Items listed in a dataset
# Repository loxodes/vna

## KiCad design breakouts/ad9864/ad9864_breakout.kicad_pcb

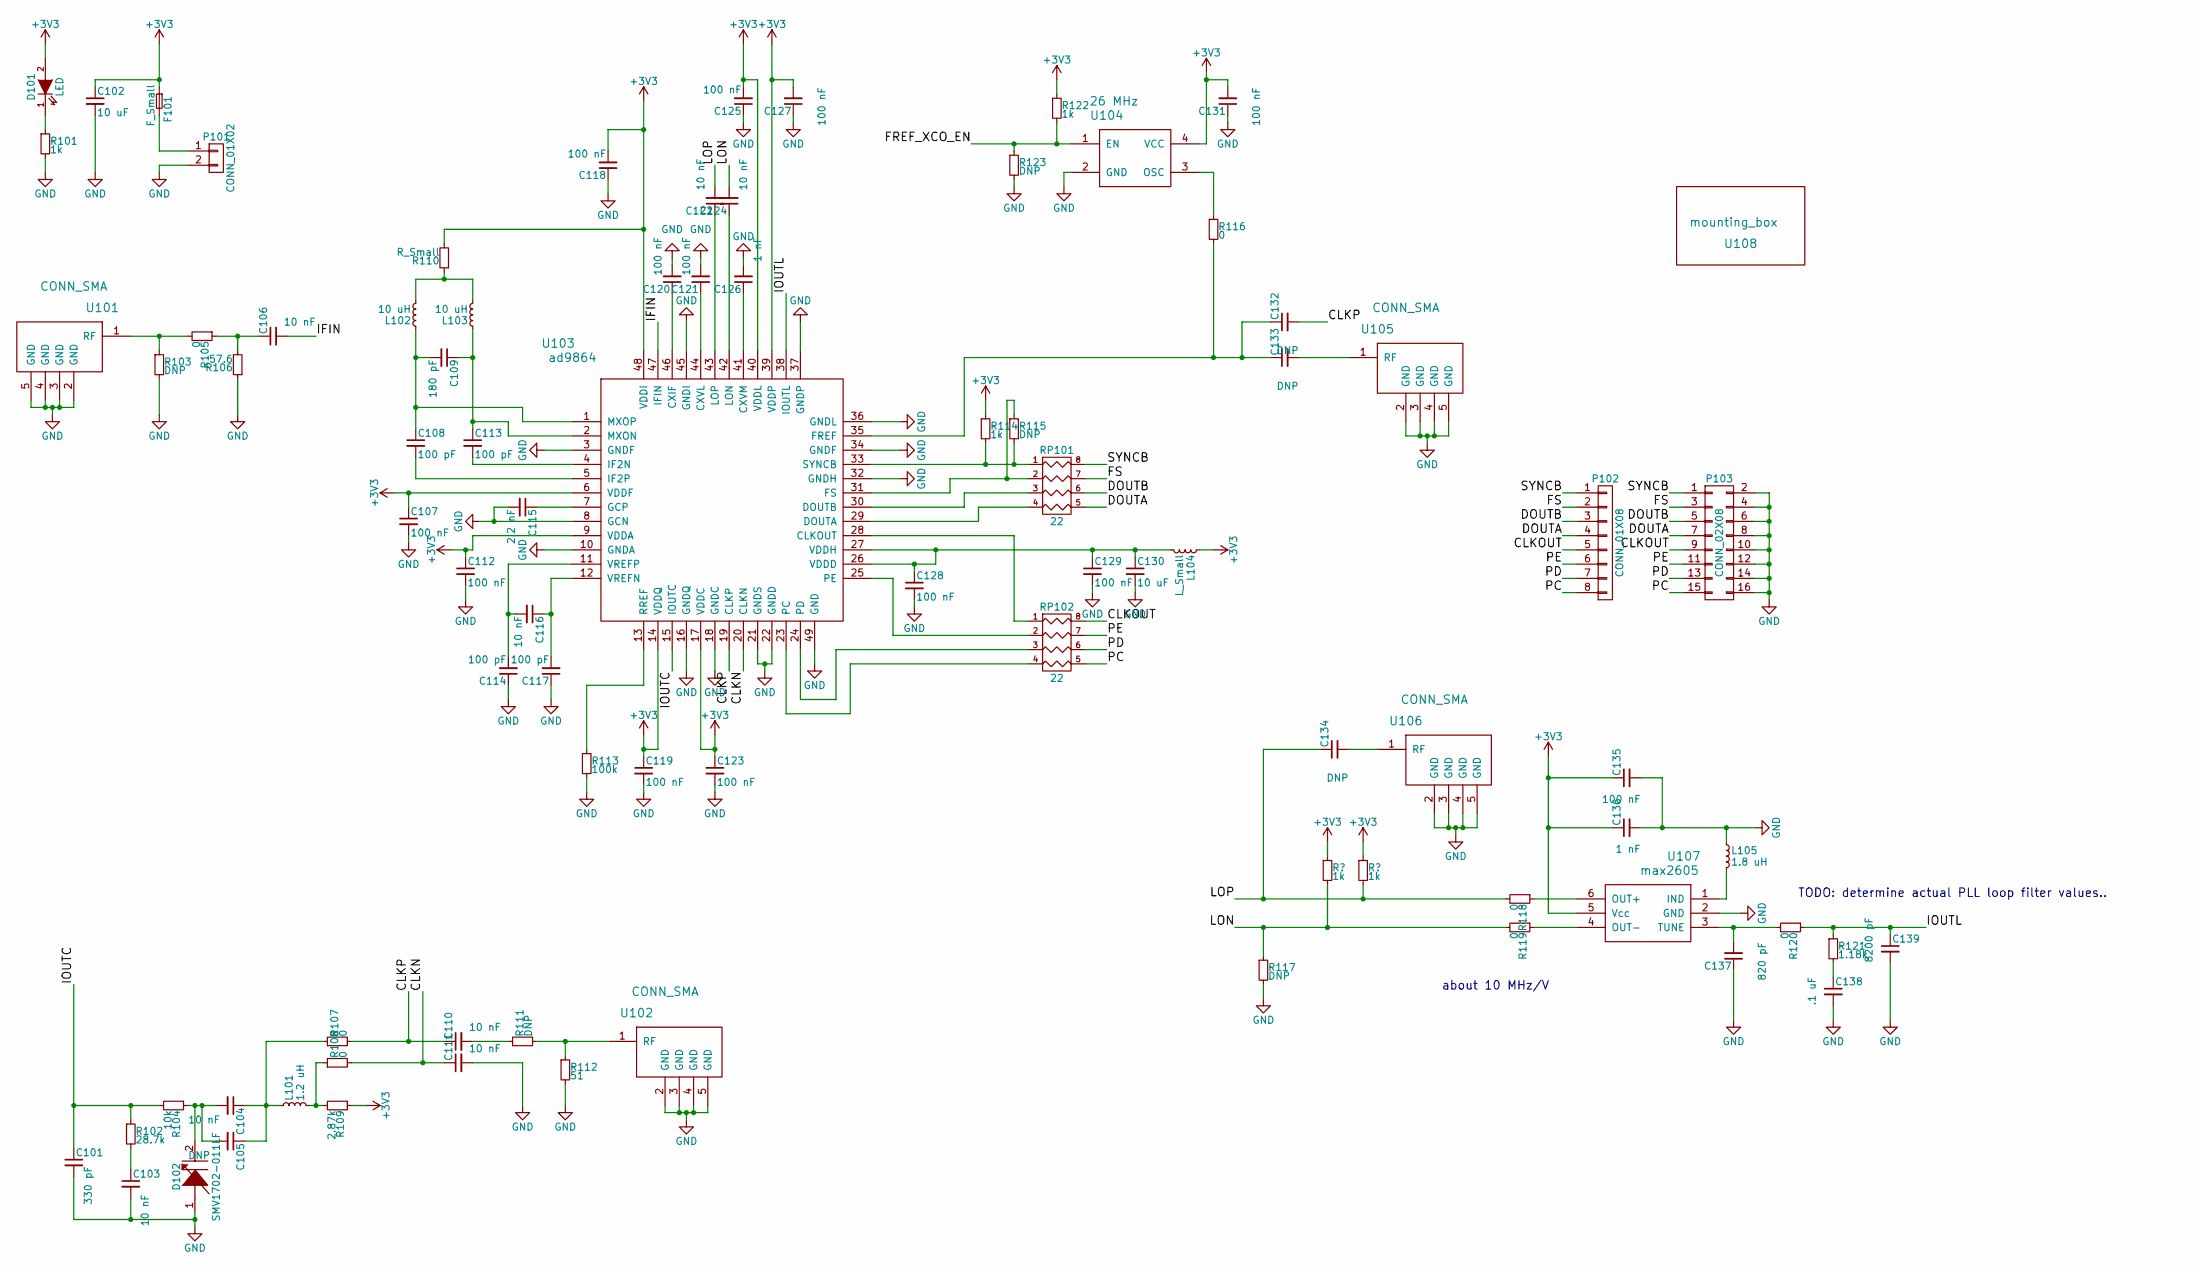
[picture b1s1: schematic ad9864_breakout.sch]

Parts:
C101: 330 pF; C_0603
C102, C130: 10 uF; C_0805
C103, C104, C106, C110, C111, C116, C122, C124: 10 nF; C_0603
C105, C132, C133, C134: DNP; C_0603
C107, C112, C118, C119, C120, C121, C123, C125, C127, C128, C129, C131, C135: 100 nF; C_0603
C108, C113, C114, C117: 100 pF; C_0603
C109: 180 pF; C_0603
C115: 2.2 nF; C_0603
C126, C136: 1 nF; C_0603
C137: 820 pF; C_0603
C138: .1 uF; C_0603
C139: 8200 pF; C_0603
D101: LED; LED_0603
D102: SMV1702-011LF; SOD-323
F101: F_Small; R_1812
L101: 1.2 uH; R_0805
L102, L103: 10 uH; R_0805
L104: L_Small; R_0603
L105: 1.8 uH; R_0805
P101: CONN_01X02; TerminalBlock_Pheonix_PT-3.5mm_2pol
P102: CONN_01X08; Pin_Header_Straight_1x08
P103: CONN_02X08; Pin_Header_Straight_2x08
R101, R114, R122: 1k; R_0603
R102: 28.7k; R_0603
R103, R111, R115, R117, R123: DNP; R_0603
R104: 10k; R_0603
R105, R107, R108, R116, R118, R119, R120: 0; R_0603
R106: 57.6; R_0603
R109: 2.87k; R_0603
R110: R_Small; R_0603
R112: 51; R_0603
R113: 100k; R_0603
R121: 1.18k; R_0603
RP101, RP102: 22; R_Array_Concave_4x0603
U101, U102, U105, U106: CONN_SMA; 732512200_SMA
U103: ad9864; QFN-48-1EP_7x7mm_Pitch0.5mm
U104: 26 MHz; crystal_FA238-TSX3225
U107: max2605; SOT-23-6
U108: mounting_box; momo

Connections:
+3V3: C102.1, C107.1, C112.1, C118.2, C119.1, C123.1, C125.2, C127.2, C131.2, C135.1, C136.1, D101.2 (A), F101.1, L104.1, R109.1, R110.2, R114.1, R122.1, U103.6 (VDDF), U103.9 (VDDA), U103.14 (VDDQ), U103.17 (VDDC), U103.39 (VDDP), U103.40 (VDDL), U103.48 (VDDI), U104.4 (VCC), U107.5 (Vcc)
/CLKN: C111.1, R108.2, U103.20 (CLKN)
/CLKOUT: P102.5, P103.9, RP102.8 (R1)
/CLKP: C110.1, C132.2, R107.2, U103.19 (CLKP)
/DOUTA: P102.4, P103.7, RP101.5 (R4)
/DOUTB: P102.3, P103.5, RP101.6 (R3)
/FREF_XCO_EN: R122.2, R123.1, U104.1 (EN)
/FS: P102.2, P103.3, RP101.7 (R2)
/IFIN: C106.2, U103.47 (IFIN)
/IOUTC: C101.1, R102.1, R104.2, U103.15 (IOUTC)
/IOUTL: C139.1, R120.1, R121.1, U103.38 (IOUTL)
/LON: C124.2, R117.1, R119.2
/LOP: C122.2, C134.1, R118.2
/PC: P102.8, P103.15, RP102.5 (R4)
/PD: P102.7, P103.13, RP102.6 (R3)
/PE: P102.6, P103.11, RP102.7 (R2)
/SYNCB: P102.1, P103.1, RP101.8 (R1)
GND: C101.2, C102.2, C103.2, C107.2, C111.2, C112.2, C114.1, C115.2, C117.1, C118.1, C119.2, C120.2, C121.2, C123.2, C125.1, C126.2, C127.1, C128.2, C129.2, C130.2, C131.1, C135.2, C136.2, C137.1, C138.2, C139.2, D102.1 (ANODE), L105.1, P101.2, P103.2, P103.4, P103.6, P103.8, P103.10, P103.12, P103.14, P103.16, R101.2, R103.2, R106.1, R112.2, R113.2, R117.2, R123.2, U101.2 (GND), U101.3 (GND), U101.4 (GND), U101.5 (GND), U102.2 (GND), U102.3 (GND), U102.4 (GND), U102.5 (GND), U103.3 (GNDF), U103.8 (GCN), U103.10 (GNDA), U103.16 (GNDQ), U103.18 (GNDC), U103.21 (GNDS), U103.22 (GNDD), U103.32 (GNDH), U103.34 (GNDF), U103.36 (GNDL), U103.37 (GNDP), U103.45 (GNDI), U103.49 (GND), U104.2 (GND), U105.2 (GND), U105.3 (GND), U105.4 (GND), U105.5 (GND), U106.2 (GND), U106.3 (GND), U106.4 (GND), U106.5 (GND), U107.2 (GND)
unnamed: C103.1, R102.2
unnamed: C104.1, C105.1, L101.1, R107.1
unnamed: C104.2, C105.2, D102.2 (CATHODE), R104.1
unnamed: C106.1, R105.1, R106.2
unnamed: C108.1, C109.2, L102.1, U103.1 (MXOP)
unnamed: C108.2, U103.5 (IF2P)
unnamed: C109.1, C113.1, L103.1, U103.2 (MXON)
unnamed: C110.2, R111.1
unnamed: C113.2, U103.4 (IF2N)
unnamed: C114.2, C116.2, U103.11 (VREFP)
unnamed: C115.1, U103.7 (GCP)
unnamed: C116.1, C117.2, U103.12 (VREFN)
unnamed: C120.1, U103.46 (CXIF)
unnamed: C121.1, U103.44 (CXVL)
unnamed: C122.1, U103.43 (LOP)
unnamed: C124.1, U103.42 (LON)
unnamed: C126.1, U103.41 (CXVM)
unnamed: C128.1, C129.1, C130.1, L104.2, U103.26 (VDDD), U103.27 (VDDH)
unnamed: C132.1, C133.1, R116.2, U103.35 (FREF)
unnamed: C133.2, U105.1 (RF)
unnamed: C134.2, U106.1 (RF)
unnamed: C137.2, R120.2, U107.3 (TUNE)
unnamed: C138.1, R121.2
unnamed: D101.1 (K), R101.1
unnamed: F101.2, P101.1
unnamed: L101.2, R108.1, R109.2
unnamed: L102.2, L103.2, R110.1
unnamed: L105.2, U107.1 (IND)
unnamed: R103.1, R105.2, U101.1 (RF)
unnamed: R111.2, R112.1, U102.1 (RF)
unnamed: R113.1, U103.13 (RREF)
unnamed: R114.2, R115.2, RP101.1, U103.33 (SYNCB)
unnamed: R115.1, RP101.2, U103.31 (FS)
unnamed: R116.1, U104.3 (OSC)
unnamed: R118.1, U107.6 (OUT+)
unnamed: R119.1, U107.4 (OUT-)
unnamed: RP101.3, U103.30 (DOUTB)
unnamed: RP101.4, U103.29 (DOUTA)
unnamed: RP102.1, U103.28 (CLKOUT)
unnamed: RP102.2, U103.25 (PE)
unnamed: RP102.3, U103.24 (PD)
unnamed: RP102.4, U103.23 (PC)

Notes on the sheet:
about 10 MHz/V
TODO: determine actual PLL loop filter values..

Assigned task: Reproduce the entries above exactly, but only the lines between the line holding "unnamed: C128.1, C129.1, C130.1, L104.2, U103.26" and the line holding "unnamed: R103.1, R105.2, U101.1 (RF)", inclusive.

Solved problem:
unnamed: C128.1, C129.1, C130.1, L104.2, U103.26 (VDDD), U103.27 (VDDH)
unnamed: C132.1, C133.1, R116.2, U103.35 (FREF)
unnamed: C133.2, U105.1 (RF)
unnamed: C134.2, U106.1 (RF)
unnamed: C137.2, R120.2, U107.3 (TUNE)
unnamed: C138.1, R121.2
unnamed: D101.1 (K), R101.1
unnamed: F101.2, P101.1
unnamed: L101.2, R108.1, R109.2
unnamed: L102.2, L103.2, R110.1
unnamed: L105.2, U107.1 (IND)
unnamed: R103.1, R105.2, U101.1 (RF)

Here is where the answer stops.